[Opening Material for the task section]

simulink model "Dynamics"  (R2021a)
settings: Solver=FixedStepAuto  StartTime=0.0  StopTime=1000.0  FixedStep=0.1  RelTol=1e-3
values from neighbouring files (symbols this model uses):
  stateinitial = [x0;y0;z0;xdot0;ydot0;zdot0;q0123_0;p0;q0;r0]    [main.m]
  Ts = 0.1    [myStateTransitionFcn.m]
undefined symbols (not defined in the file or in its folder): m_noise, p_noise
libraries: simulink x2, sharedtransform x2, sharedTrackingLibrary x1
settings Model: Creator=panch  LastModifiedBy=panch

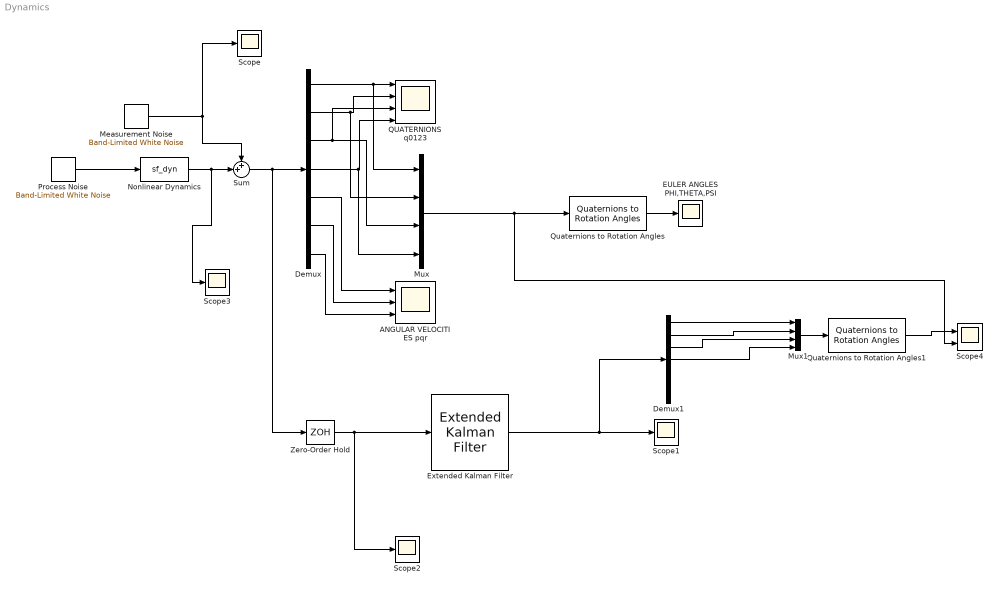
== system Dynamics ==
  ANGULAR VELOCITIES pqr : Scope  NumInputPorts=3
  Demux : Demux  Outputs=7
  Demux1 : Demux  Outputs=7
  EULER ANGLES PHI,THETA,PSI : Scope
  Extended Kalman Filter : sharedTrackingLibrary/Extended Kalman Filter  StateTransitionFcn=myStateTransitionFcn  HasStateTransitionJacobianFcn=off  HasAdditiveProcessNoise=Additive  ProcessNoise=diag(p_noise)  HasTimeVaryingProcessNoise=off  HasStateTransitionFcnExtraArgument=0  InitialState=stateinitial+0.5  InitialStateCovariance=1e-16  MeasurementFcn1=myMeasurementFcn  HasMeasurementJacobianFcn1=off  HasMeasurementEnablePort1=off  HasAdditiveMeasurementNoise1=Additive  MeasurementNoise1=diag(m_noise)  HasTimeVaryingMeasurementNoise1=off  HasMeasurementFcnExtraArgument1=0  MeasurementFcn2=myMeasurementFcn  HasMeasurementJacobianFcn2=off  HasMeasurementEnablePort2=off  HasAdditiveMeasurementNoise2=Additive  MeasurementNoise2=1  HasTimeVaryingMeasurementNoise2=off  HasMeasurementFcnExtraArgument2=0  MeasurementFcn3=myMeasurementFcn  HasMeasurementJacobianFcn3=off  HasMeasurementEnablePort3=off  HasAdditiveMeasurementNoise3=Additive  MeasurementNoise3=1  HasTimeVaryingMeasurementNoise3=off  HasMeasurementFcnExtraArgument3=0  MeasurementFcn4=myMeasurementFcn  HasMeasurementJacobianFcn4=off  HasMeasurementEnablePort4=off  HasAdditiveMeasurementNoise4=Additive  MeasurementNoise4=1  HasTimeVaryingMeasurementNoise4=off  HasMeasurementFcnExtraArgument4=0  MeasurementFcn5=myMeasurementFcn  HasMeasurementJacobianFcn5=off  HasMeasurementEnablePort5=off  HasAdditiveMeasurementNoise5=Additive  MeasurementNoise5=1  HasTimeVaryingMeasurementNoise5=off  HasMeasurementFcnExtraArgument5=0  EnableMultirate=off  StateTransitionFcnSampleTime=1  MeasurementFcn1SampleTime=1  MeasurementFcn2SampleTime=1  MeasurementFcn3SampleTime=1  MeasurementFcn4SampleTime=1  MeasurementFcn5SampleTime=1  UseCurrentEstimator=on  OutputStateCovariance=off  DataType=double  SampleTime=Ts  NumberOfMeasurements=1
      settings: SourceProductBaseCode=CT,DR,TF,ID,LP,NV,AR,RO,RR,UV,VE
  Measurement Noise : simulink/Sources/Band-Limited White Noise  Cov=m_noise*Ts  Ts=Ts  seed=[12347]  VectorParams1D=off
  Mux : Mux
  Mux1 : Mux
  Nonlinear Dynamics : S-Function  FunctionName=sf_dyn  SFunctionDeploymentMode=off  EnableBusSupport=off
  Process Noise : simulink/Sources/Band-Limited White Noise  Cov=p_noise*Ts  Ts=Ts  seed=[23341]  VectorParams1D=off
  QUATERNIONS q0123 : Scope  NumInputPorts=4
  Quaternions to Rotation Angles : sharedtransform/Quaternions to Rotation Angles  rotationOrder=ZYX  aMode=aMode
      settings: SourceProductBaseCode=AE,PW,DR,MT,UV,VE
  Quaternions to Rotation Angles1 : sharedtransform/Quaternions to Rotation Angles  rotationOrder=ZYX  aMode=aMode
      settings: SourceProductBaseCode=AE,PW,DR,MT,UV,VE
  Scope{,1..3} (4 alike) : Scope
  Scope4 : Scope  NumInputPorts=2
  Sum : Sum  Inputs=++|
  Zero-Order Hold : ZeroOrderHold  SampleTime=Ts
  wires:
  Sum/1 -> Zero-Order Hold/1, Demux/1
  Quaternions to Rotation Angles/1 -> EULER ANGLES PHI,THETA,PSI/1
  Zero-Order Hold/1 -> Scope2/1, Extended Kalman Filter/1
  Demux/7 -> ANGULAR VELOCITIES pqr/3
  Demux/4 -> Mux/4, QUATERNIONS q0123/4
  Extended Kalman Filter/1 -> Demux1/1, Scope1/1
  Demux/5 -> ANGULAR VELOCITIES pqr/1
  Demux/6 -> ANGULAR VELOCITIES pqr/2
  Mux/1 -> Scope4/2, Quaternions to Rotation Angles/1
  Process Noise/1 -> Nonlinear Dynamics/1
  Measurement Noise/1 -> Scope/1, Sum/1
  Demux/3 -> Mux/3, QUATERNIONS q0123/3
  Demux/2 -> Mux/2, QUATERNIONS q0123/2
  Demux/1 -> Mux/1, QUATERNIONS q0123/1
  Nonlinear Dynamics/1 -> Sum/2, Scope3/1
  Mux1/1 -> Quaternions to Rotation Angles1/1
  Demux1/1 -> Mux1/1
  Demux1/2 -> Mux1/2
  Demux1/3 -> Mux1/3
  Demux1/4 -> Mux1/4
  Quaternions to Rotation Angles1/1 -> Scope4/1

[Closing Material for the task section]

Find and copy each line in the material above where the string "VELOCITIES" occurs.

  ANGULAR VELOCITIES pqr : Scope  NumInputPorts=3
  Demux/7 -> ANGULAR VELOCITIES pqr/3
  Demux/5 -> ANGULAR VELOCITIES pqr/1
  Demux/6 -> ANGULAR VELOCITIES pqr/2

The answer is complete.